What’s especially odd about the news is that it hasn’t come alongside a broader announcement, nor an explanation at the PlayStation Blog as to why the controllers will be more expensive four years into this console cycle, rather than less. In the past, hardware would get cheaper the older it got, with price cuts to the PS3 and PS4 helping new players finally upgrade. But this time around things are going in the opposite direction.

A year ago, Sony announced that its revamped PS Plus program, which is required to play games online, would be going up by as much as $40 a year at the most expensive tier. A couple months later, it revealed a new “Slim” model for the PS5 that raised the price of the all-digital version by $50, with an optional disc drive costing $80 to purchase separately. And just last week, Sony announced the PS5 would be getting a massive price hike of 13,000 yen, or roughly $90, in Japan.
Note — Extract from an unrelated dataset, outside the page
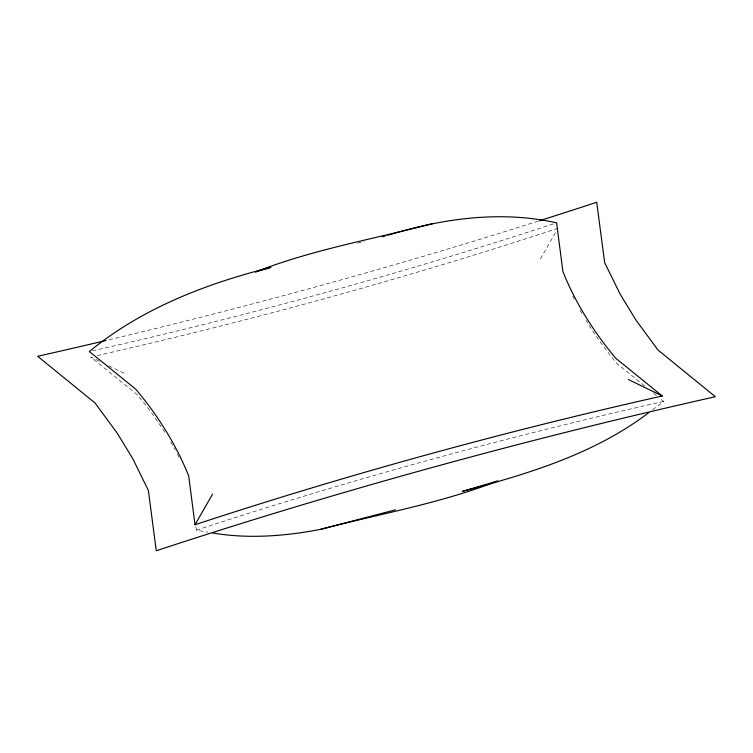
<?xml version="1.0" encoding="UTF-8"?>
<svg xmlns="http://www.w3.org/2000/svg" width="753" height="753" viewBox="0 0 753 753"><rect width="100%" height="100%" fill="white"/><g stroke="black" fill="none" stroke-linecap="round" stroke-linejoin="round"><path stroke-width="0.56" stroke-dasharray="3.77 2.82" d="M540.438 258.872L556.241 231.331M652.606 409.764L663.638 401.453L660.005 398.497M357.553 243.181L364.33 241.421M195.949 526.705L196.392 530.187L207.922 532.164M99.198 361.12L90.755 357.007L137.121 394.638A4468.933 1118.93 -14.3 0 1 165.858 433.963M108.696 365.742L124.527 373.46M644.549 385.96L617.272 363.821A4468.933 1118.93 -14.3 0 1 586.088 320.514M653.632 393.339L656.362 395.551M557.992 228.272A1281.352 320.825 -14.3 0 1 96.45 355.717M538.254 221.137A1534.746 384.275 -14.3 0 1 107.133 340.234M170.686 441.945A4468.933 1118.93 -14.3 0 1 175.242 450.012M177.463 454.153A4468.933 1118.93 -14.3 0 1 179.073 457.269M196.392 530.187A1281.352 320.825 -14.3 0 1 663.638 401.453M553.323 223.895A1281.352 320.825 -14.3 0 1 92.779 350.776M581.965 313.493A4468.933 1118.93 -14.3 0 1 579.151 308.438M574.266 299.11A4468.933 1118.93 -14.3 0 1 572.713 295.976"/><path stroke-width="1.13" d="M387.842 235.275C442.152 218.521 500.5 210.256 556.608 222.813L562.886 271.494A4468.933 1118.93 -14.3 0 0 615.879 358.362L662.245 395.993A1281.352 320.825 -14.3 0 0 195.008 524.728L212.562 494.128M648.926 412.531C594.418 454.087 527.599 474.023 462.304 491.398L497.62 481.026C440.27 503.428 379.578 513.885 320.289 529.434C284.888 536.174 248.226 539.082 212.534 532.955M270.835 267.437L255.38 271.974C312.73 249.572 373.422 239.115 432.711 223.566M270.515 267.466C205.644 283.806 141.489 308.589 89.362 351.547L135.728 389.179A4468.933 1118.93 -14.3 0 1 188.721 476.056L195.008 524.728M382.232 236.743L385.602 235.868M320.289 529.434L395.447 509.819M628.473 379.54L662.245 395.993M539.364 220.789A1534.746 384.275 -14.3 0 0 596.724 202.246L604.631 262.552L620.171 294.216L635.993 320.147L658 350.041L715.35 396.718A1534.746 384.275 -14.3 0 0 156.276 550.754L148.369 490.448L132.829 458.784L117.007 432.853L95 402.959L37.65 356.282A1534.746 384.275 -14.3 0 0 105.994 340.507"/></g></svg>

Normally, players who wait to upgrade from one console generation to the next get rewarded with cheaper prices and a bigger library of new games waiting for them. That hasn’t been the case this time around, with many of the PS5's bigger exclusives being cross-gen for longer than expected, and the base PS5 holding steady at $500.

The DualSense going up $5 looks minor in the scheme of things, but the controllers have also been notorious for stick drift issues, and I’ve found myself going through one every couple years just from the rubber nubs rubbing off or pins in the haptic triggers breaking. And because of the proprietary technology, there are no cheap third-party alternatives for the PS5 controller.

The recent launch of Astro Bot has shown how impressive and immersive the DualSense can making playing a game feel when utilized to the max, but for most games, any old controller would do just fine.